🤖 AI Summary
Decentralized stochastic convex optimization (SCO) suffers from a parallel scalability bottleneck: convergence degrades significantly when the number of machines exceeds a critical threshold. To address this, we propose Decentralized Anytime SGD (DA-SGD), the first method provably improving the critical parallelism limit within the SCO framework and narrowing the statistical performance gap between decentralized and centralized learning. DA-SGD integrates anytime iteration design, graph signal processing, and rigorous convergence analysis to achieve centralized-optimal convergence rates on highly connected topologies. Theoretically, it establishes a tighter upper bound on achievable parallelism than state-of-the-art methods. Empirically, DA-SGD demonstrates no performance degradation under multi-machine scaling—maintaining stable convergence and preserving solution accuracy without loss in precision.
📝 Abstract
Decentralized learning has emerged as a powerful approach for handling large datasets across multiple machines in a communication-efficient manner. However, such methods often face scalability limitations, as increasing the number of machines beyond a certain point negatively impacts convergence rates.
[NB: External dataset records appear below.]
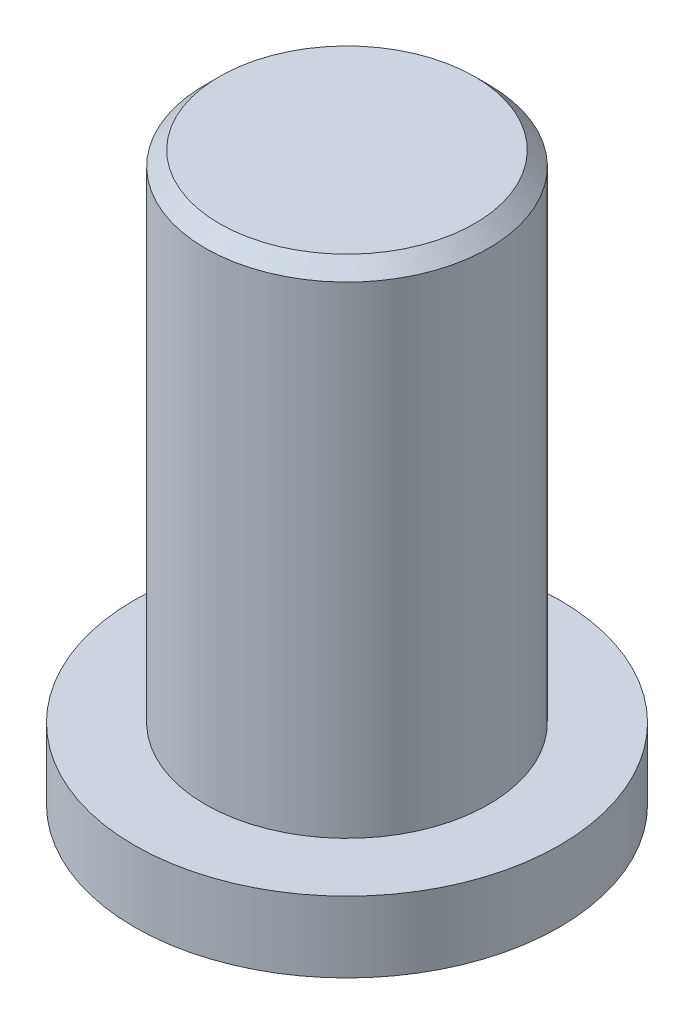
ISO-10303-21;
HEADER;
FILE_DESCRIPTION(('STEP AP214'),'2;1');
FILE_NAME('part.step','',(''),(''),'','','');
FILE_SCHEMA(('AUTOMOTIVE_DESIGN { 1 0 10303 214 1 1 1 1 }'));
ENDSEC;
DATA;
#1=APPLICATION_CONTEXT('core data for automotive mechanical design processes');
#2=APPLICATION_PROTOCOL_DEFINITION('international standard','automotive_design',2000,#1);
#3=PRODUCT_CONTEXT('',#1,'mechanical');
#4=PRODUCT('Part','Part','',(#3));
#5=PRODUCT_RELATED_PRODUCT_CATEGORY('part','',(#4));
#6=PRODUCT_DEFINITION_FORMATION('','',#4);
#7=PRODUCT_DEFINITION_CONTEXT('part definition',#1,'design');
#8=PRODUCT_DEFINITION('design','',#6,#7);
#9=PRODUCT_DEFINITION_SHAPE('','',#8);
#10=(LENGTH_UNIT() NAMED_UNIT(*) SI_UNIT(.MILLI.,.METRE.));
#11=(NAMED_UNIT(*) PLANE_ANGLE_UNIT() SI_UNIT($,.RADIAN.));
#12=(NAMED_UNIT(*) SI_UNIT($,.STERADIAN.) SOLID_ANGLE_UNIT());
#13=UNCERTAINTY_MEASURE_WITH_UNIT(LENGTH_MEASURE(1.E-05),#10,'distance_accuracy_value','');
#14=(GEOMETRIC_REPRESENTATION_CONTEXT(3) GLOBAL_UNCERTAINTY_ASSIGNED_CONTEXT((#13)) GLOBAL_UNIT_ASSIGNED_CONTEXT((#10,
#11,#12)) REPRESENTATION_CONTEXT('',''));
#15=CARTESIAN_POINT('',(0.,0.,0.));
#16=DIRECTION('',(0.,0.,1.));
#17=DIRECTION('',(1.,0.,0.));
#18=AXIS2_PLACEMENT_3D('',#15,#16,#17);
#19=CARTESIAN_POINT('',(0.,5.,0.));
#20=DIRECTION('',(0.,-1.,0.));
#21=DIRECTION('',(0.,0.,-1.));
#22=AXIS2_PLACEMENT_3D('',#19,#20,#21);
#23=CYLINDRICAL_SURFACE('',#22,15.);
#24=CARTESIAN_POINT('',(0.,5.,0.));
#25=DIRECTION('',(0.,1.,0.));
#26=DIRECTION('',(0.,0.,1.));
#27=AXIS2_PLACEMENT_3D('',#24,#25,#26);
#28=CIRCLE('',#27,15.);
#29=CARTESIAN_POINT('',(0.,5.,15.));
#30=VERTEX_POINT('',#29);
#31=EDGE_CURVE('E53',#30,#30,#28,.T.);
#32=ORIENTED_EDGE('',*,*,#31,.F.);
#33=EDGE_LOOP('',(#32));
#34=FACE_BOUND('',#33,.T.);
#35=CARTESIAN_POINT('',(0.,0.,0.));
#36=DIRECTION('',(0.,1.,0.));
#37=DIRECTION('',(0.,0.,1.));
#38=AXIS2_PLACEMENT_3D('',#35,#36,#37);
#39=CIRCLE('',#38,15.);
#40=CARTESIAN_POINT('',(0.,0.,15.));
#41=VERTEX_POINT('',#40);
#42=EDGE_CURVE('E56',#41,#41,#39,.T.);
#43=ORIENTED_EDGE('',*,*,#42,.T.);
#44=EDGE_LOOP('',(#43));
#45=FACE_BOUND('',#44,.T.);
#46=ADVANCED_FACE('F37',(#34,#45),#23,.T.);
#47=CARTESIAN_POINT('',(0.,5.,0.));
#48=DIRECTION('',(0.,1.,0.));
#49=DIRECTION('',(0.,0.,1.));
#50=AXIS2_PLACEMENT_3D('',#47,#48,#49);
#51=PLANE('',#50);
#52=CARTESIAN_POINT('',(0.,5.,0.));
#53=DIRECTION('',(0.,1.,0.));
#54=DIRECTION('',(0.,0.,1.));
#55=AXIS2_PLACEMENT_3D('',#52,#53,#54);
#56=CIRCLE('',#55,10.);
#57=CARTESIAN_POINT('',(0.,5.,10.));
#58=VERTEX_POINT('',#57);
#59=EDGE_CURVE('E49',#58,#58,#56,.T.);
#60=ORIENTED_EDGE('',*,*,#59,.F.);
#61=EDGE_LOOP('',(#60));
#62=FACE_BOUND('',#61,.T.);
#63=ORIENTED_EDGE('',*,*,#31,.T.);
#64=EDGE_LOOP('',(#63));
#65=FACE_BOUND('',#64,.T.);
#66=ADVANCED_FACE('F62',(#62,#65),#51,.T.);
#67=CARTESIAN_POINT('',(0.,0.,0.));
#68=DIRECTION('',(0.,1.,0.));
#69=DIRECTION('',(0.,0.,1.));
#70=AXIS2_PLACEMENT_3D('',#67,#68,#69);
#71=PLANE('',#70);
#72=ORIENTED_EDGE('',*,*,#42,.F.);
#73=EDGE_LOOP('',(#72));
#74=FACE_BOUND('',#73,.T.);
#75=ADVANCED_FACE('F68',(#74),#71,.F.);
#76=CARTESIAN_POINT('',(0.,40.,0.));
#77=DIRECTION('',(0.,-1.,0.));
#78=DIRECTION('',(0.,0.,-1.));
#79=AXIS2_PLACEMENT_3D('',#76,#77,#78);
#80=CYLINDRICAL_SURFACE('',#79,10.);
#81=CARTESIAN_POINT('',(0.,39.,0.));
#82=DIRECTION('',(0.,1.,0.));
#83=DIRECTION('',(0.,0.,1.));
#84=AXIS2_PLACEMENT_3D('',#81,#82,#83);
#85=CIRCLE('',#84,10.);
#86=CARTESIAN_POINT('',(0.,39.,10.));
#87=VERTEX_POINT('',#86);
#88=EDGE_CURVE('E10',#87,#87,#85,.F.);
#89=ORIENTED_EDGE('',*,*,#88,.T.);
#90=EDGE_LOOP('',(#89));
#91=FACE_BOUND('',#90,.T.);
#92=ORIENTED_EDGE('',*,*,#59,.T.);
#93=EDGE_LOOP('',(#92));
#94=FACE_BOUND('',#93,.T.);
#95=ADVANCED_FACE('F70',(#91,#94),#80,.T.);
#96=CARTESIAN_POINT('',(0.,40.,0.));
#97=DIRECTION('',(0.,1.,0.));
#98=DIRECTION('',(0.,0.,1.));
#99=AXIS2_PLACEMENT_3D('',#96,#97,#98);
#100=PLANE('',#99);
#101=CARTESIAN_POINT('',(0.,40.,0.));
#102=DIRECTION('',(0.,1.,0.));
#103=DIRECTION('',(0.,0.,1.));
#104=AXIS2_PLACEMENT_3D('',#101,#102,#103);
#105=CIRCLE('',#104,8.99999999999999);
#106=CARTESIAN_POINT('',(0.,40.,8.99999999999999));
#107=VERTEX_POINT('',#106);
#108=EDGE_CURVE('E45',#107,#107,#105,.T.);
#109=ORIENTED_EDGE('',*,*,#108,.T.);
#110=EDGE_LOOP('',(#109));
#111=FACE_BOUND('',#110,.T.);
#112=ADVANCED_FACE('F76',(#111),#100,.T.);
#113=CARTESIAN_POINT('',(0.,40.,0.));
#114=DIRECTION('',(0.,-1.,0.));
#115=DIRECTION('',(0.,0.,-1.));
#116=AXIS2_PLACEMENT_3D('',#113,#114,#115);
#117=CONICAL_SURFACE('',#116,8.99999999999999,0.785398163397447);
#118=ORIENTED_EDGE('',*,*,#88,.F.);
#119=EDGE_LOOP('',(#118));
#120=FACE_BOUND('',#119,.T.);
#121=ORIENTED_EDGE('',*,*,#108,.F.);
#122=EDGE_LOOP('',(#121));
#123=FACE_BOUND('',#122,.T.);
#124=ADVANCED_FACE('F40',(#120,#123),#117,.T.);
#125=CLOSED_SHELL('',(#46,#66,#75,#95,#112,#124));
#126=MANIFOLD_SOLID_BREP('B2',#125);
#127=ADVANCED_BREP_SHAPE_REPRESENTATION('',(#18,#126),#14);
#128=SHAPE_DEFINITION_REPRESENTATION(#9,#127);
ENDSEC;
END-ISO-10303-21;
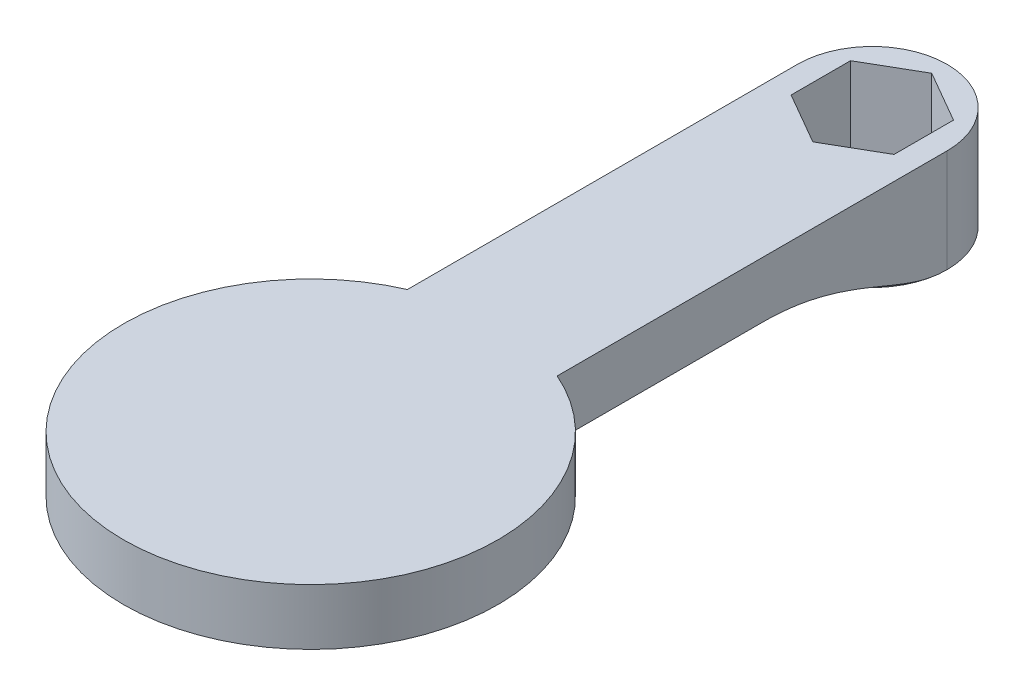
ISO-10303-21;
HEADER;
FILE_DESCRIPTION(('STEP AP214'),'2;1');
FILE_NAME('part.step','',(''),(''),'','','');
FILE_SCHEMA(('AUTOMOTIVE_DESIGN { 1 0 10303 214 1 1 1 1 }'));
ENDSEC;
DATA;
#1=APPLICATION_CONTEXT('core data for automotive mechanical design processes');
#2=APPLICATION_PROTOCOL_DEFINITION('international standard','automotive_design',2000,#1);
#3=PRODUCT_CONTEXT('',#1,'mechanical');
#4=PRODUCT('Part','Part','',(#3));
#5=PRODUCT_RELATED_PRODUCT_CATEGORY('part','',(#4));
#6=PRODUCT_DEFINITION_FORMATION('','',#4);
#7=PRODUCT_DEFINITION_CONTEXT('part definition',#1,'design');
#8=PRODUCT_DEFINITION('design','',#6,#7);
#9=PRODUCT_DEFINITION_SHAPE('','',#8);
#10=(LENGTH_UNIT() NAMED_UNIT(*) SI_UNIT(.MILLI.,.METRE.));
#11=(NAMED_UNIT(*) PLANE_ANGLE_UNIT() SI_UNIT($,.RADIAN.));
#12=(NAMED_UNIT(*) SI_UNIT($,.STERADIAN.) SOLID_ANGLE_UNIT());
#13=UNCERTAINTY_MEASURE_WITH_UNIT(LENGTH_MEASURE(1.E-05),#10,'distance_accuracy_value','');
#14=(GEOMETRIC_REPRESENTATION_CONTEXT(3) GLOBAL_UNCERTAINTY_ASSIGNED_CONTEXT((#13)) GLOBAL_UNIT_ASSIGNED_CONTEXT((#10,
#11,#12)) REPRESENTATION_CONTEXT('',''));
#15=CARTESIAN_POINT('',(0.,0.,0.));
#16=DIRECTION('',(0.,0.,1.));
#17=DIRECTION('',(1.,0.,0.));
#18=AXIS2_PLACEMENT_3D('',#15,#16,#17);
#19=CARTESIAN_POINT('',(0.,0.,0.));
#20=DIRECTION('',(0.,1.,0.));
#21=DIRECTION('',(0.,0.,1.));
#22=AXIS2_PLACEMENT_3D('',#19,#20,#21);
#23=PLANE('',#22);
#24=CARTESIAN_POINT('',(0.,0.,0.));
#25=DIRECTION('',(0.,1.,0.));
#26=DIRECTION('',(0.,0.,1.));
#27=AXIS2_PLACEMENT_3D('',#24,#25,#26);
#28=CIRCLE('',#27,4.);
#29=CARTESIAN_POINT('',(4.,0.,0.));
#30=VERTEX_POINT('',#29);
#31=CARTESIAN_POINT('',(-4.,0.,0.));
#32=VERTEX_POINT('',#31);
#33=EDGE_CURVE('E244',#30,#32,#28,.T.);
#34=ORIENTED_EDGE('',*,*,#33,.F.);
#35=EDGE_CURVE('E243',#32,#30,#28,.T.);
#36=ORIENTED_EDGE('',*,*,#35,.F.);
#37=EDGE_LOOP('',(#34,#36));
#38=FACE_BOUND('',#37,.T.);
#39=DIRECTION('',(-0.866025403784439,0.,-0.5));
#40=VECTOR('',#39,1.);
#41=CARTESIAN_POINT('',(2.75,0.,-1.58771324027147));
#42=LINE('',#41,#40);
#43=CARTESIAN_POINT('',(2.75,0.,-1.58771324027147));
#44=VERTEX_POINT('',#43);
#45=CARTESIAN_POINT('',(0.,0.,-3.17542648054294));
#46=VERTEX_POINT('',#45);
#47=EDGE_CURVE('E207',#44,#46,#42,.T.);
#48=ORIENTED_EDGE('',*,*,#47,.T.);
#49=DIRECTION('',(-0.866025403784439,0.,0.5));
#50=VECTOR('',#49,1.);
#51=CARTESIAN_POINT('',(0.,0.,-3.17542648054294));
#52=LINE('',#51,#50);
#53=CARTESIAN_POINT('',(-2.75,0.,-1.58771324027147));
#54=VERTEX_POINT('',#53);
#55=EDGE_CURVE('E211',#46,#54,#52,.T.);
#56=ORIENTED_EDGE('',*,*,#55,.T.);
#57=DIRECTION('',(0.,0.,1.));
#58=VECTOR('',#57,1.);
#59=CARTESIAN_POINT('',(-2.75,0.,-1.58771324027147));
#60=LINE('',#59,#58);
#61=CARTESIAN_POINT('',(-2.75,0.,1.58771324027147));
#62=VERTEX_POINT('',#61);
#63=EDGE_CURVE('E215',#54,#62,#60,.T.);
#64=ORIENTED_EDGE('',*,*,#63,.T.);
#65=DIRECTION('',(0.866025403784439,0.,0.5));
#66=VECTOR('',#65,1.);
#67=CARTESIAN_POINT('',(-2.75,0.,1.58771324027147));
#68=LINE('',#67,#66);
#69=CARTESIAN_POINT('',(0.,0.,3.17542648054294));
#70=VERTEX_POINT('',#69);
#71=EDGE_CURVE('E136',#62,#70,#68,.T.);
#72=ORIENTED_EDGE('',*,*,#71,.T.);
#73=DIRECTION('',(0.866025403784439,0.,-0.5));
#74=VECTOR('',#73,1.);
#75=CARTESIAN_POINT('',(0.,0.,3.17542648054294));
#76=LINE('',#75,#74);
#77=CARTESIAN_POINT('',(2.75,0.,1.58771324027147));
#78=VERTEX_POINT('',#77);
#79=EDGE_CURVE('E220',#70,#78,#76,.T.);
#80=ORIENTED_EDGE('',*,*,#79,.T.);
#81=DIRECTION('',(0.,0.,-1.));
#82=VECTOR('',#81,1.);
#83=CARTESIAN_POINT('',(2.75,0.,1.58771324027147));
#84=LINE('',#83,#82);
#85=EDGE_CURVE('E224',#78,#44,#84,.T.);
#86=ORIENTED_EDGE('',*,*,#85,.T.);
#87=EDGE_LOOP('',(#48,#56,#64,#72,#80,#86));
#88=FACE_BOUND('',#87,.T.);
#89=ADVANCED_FACE('F38',(#38,#88),#23,.F.);
#90=CARTESIAN_POINT('',(0.,2.5,0.));
#91=DIRECTION('',(0.,-1.,0.));
#92=DIRECTION('',(0.,0.,-1.));
#93=AXIS2_PLACEMENT_3D('',#90,#91,#92);
#94=CYLINDRICAL_SURFACE('',#93,4.);
#95=DIRECTION('',(0.,-1.,0.));
#96=VECTOR('',#95,1.);
#97=CARTESIAN_POINT('',(4.,5.5,0.));
#98=LINE('',#97,#96);
#99=CARTESIAN_POINT('',(4.,5.5,0.));
#100=VERTEX_POINT('',#99);
#101=EDGE_CURVE('E67',#100,#30,#98,.T.);
#102=ORIENTED_EDGE('',*,*,#101,.T.);
#103=ORIENTED_EDGE('',*,*,#33,.T.);
#104=DIRECTION('',(0.,-1.,0.));
#105=VECTOR('',#104,1.);
#106=CARTESIAN_POINT('',(-4.,5.5,0.));
#107=LINE('',#106,#105);
#108=CARTESIAN_POINT('',(-4.,5.5,0.));
#109=VERTEX_POINT('',#108);
#110=EDGE_CURVE('E59',#109,#32,#107,.T.);
#111=ORIENTED_EDGE('',*,*,#110,.F.);
#112=CARTESIAN_POINT('',(0.,5.5,0.));
#113=DIRECTION('',(0.,1.,0.));
#114=DIRECTION('',(0.,0.,1.));
#115=AXIS2_PLACEMENT_3D('',#112,#113,#114);
#116=CIRCLE('',#115,4.);
#117=EDGE_CURVE('E173',#100,#109,#116,.T.);
#118=ORIENTED_EDGE('',*,*,#117,.F.);
#119=EDGE_LOOP('',(#102,#103,#111,#118));
#120=FACE_BOUND('',#119,.T.);
#121=ADVANCED_FACE('F290',(#120),#94,.T.);
#122=CARTESIAN_POINT('',(2.75,2.5,-1.58771324027147));
#123=DIRECTION('',(-0.5,0.,0.866025403784439));
#124=DIRECTION('',(0.866025403784439,0.,0.5));
#125=AXIS2_PLACEMENT_3D('',#122,#123,#124);
#126=PLANE('',#125);
#127=ORIENTED_EDGE('',*,*,#47,.F.);
#128=DIRECTION('',(0.,-1.,0.));
#129=VECTOR('',#128,1.);
#130=CARTESIAN_POINT('',(2.75,2.5,-1.58771324027147));
#131=LINE('',#130,#129);
#132=CARTESIAN_POINT('',(2.75,5.5,-1.58771324027147));
#133=VERTEX_POINT('',#132);
#134=EDGE_CURVE('E228',#133,#44,#131,.T.);
#135=ORIENTED_EDGE('',*,*,#134,.F.);
#136=DIRECTION('',(-0.866025403784439,0.,-0.5));
#137=VECTOR('',#136,1.);
#138=CARTESIAN_POINT('',(2.75,5.5,-1.58771324027147));
#139=LINE('',#138,#137);
#140=CARTESIAN_POINT('',(0.,5.5,-3.17542648054294));
#141=VERTEX_POINT('',#140);
#142=EDGE_CURVE('E165',#133,#141,#139,.T.);
#143=ORIENTED_EDGE('',*,*,#142,.T.);
#144=DIRECTION('',(0.,-1.,0.));
#145=VECTOR('',#144,1.);
#146=CARTESIAN_POINT('',(0.,2.5,-3.17542648054294));
#147=LINE('',#146,#145);
#148=EDGE_CURVE('E239',#141,#46,#147,.T.);
#149=ORIENTED_EDGE('',*,*,#148,.T.);
#150=EDGE_LOOP('',(#127,#135,#143,#149));
#151=FACE_BOUND('',#150,.T.);
#152=ADVANCED_FACE('F286',(#151),#126,.T.);
#153=CARTESIAN_POINT('',(0.,2.5,-3.17542648054294));
#154=DIRECTION('',(0.5,0.,0.866025403784439));
#155=DIRECTION('',(0.866025403784439,0.,-0.5));
#156=AXIS2_PLACEMENT_3D('',#153,#154,#155);
#157=PLANE('',#156);
#158=ORIENTED_EDGE('',*,*,#55,.F.);
#159=ORIENTED_EDGE('',*,*,#148,.F.);
#160=DIRECTION('',(-0.866025403784439,0.,0.5));
#161=VECTOR('',#160,1.);
#162=CARTESIAN_POINT('',(0.,5.5,-3.17542648054294));
#163=LINE('',#162,#161);
#164=CARTESIAN_POINT('',(-2.75,5.5,-1.58771324027147));
#165=VERTEX_POINT('',#164);
#166=EDGE_CURVE('E169',#141,#165,#163,.T.);
#167=ORIENTED_EDGE('',*,*,#166,.T.);
#168=DIRECTION('',(0.,-1.,0.));
#169=VECTOR('',#168,1.);
#170=CARTESIAN_POINT('',(-2.75,2.5,-1.58771324027147));
#171=LINE('',#170,#169);
#172=EDGE_CURVE('E141',#165,#54,#171,.T.);
#173=ORIENTED_EDGE('',*,*,#172,.T.);
#174=EDGE_LOOP('',(#158,#159,#167,#173));
#175=FACE_BOUND('',#174,.T.);
#176=ADVANCED_FACE('F283',(#175),#157,.T.);
#177=CARTESIAN_POINT('',(-2.75,2.5,-1.58771324027147));
#178=DIRECTION('',(1.,0.,0.));
#179=DIRECTION('',(0.,0.,-1.));
#180=AXIS2_PLACEMENT_3D('',#177,#178,#179);
#181=PLANE('',#180);
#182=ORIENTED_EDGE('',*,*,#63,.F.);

In this work, we propose Decentralized Anytime SGD, a novel decentralized learning algorithm that significantly extends the critical parallelism threshold, enabling the effective use of more machines without compromising performance. Within the stochastic convex optimization (SCO) framework, we establish a theoretical upper bound on parallelism that surpasses the current state-of-the-art, allowing larger networks to achieve favorable statistical guarantees and closing the gap with centralized learning in highly connected topologies.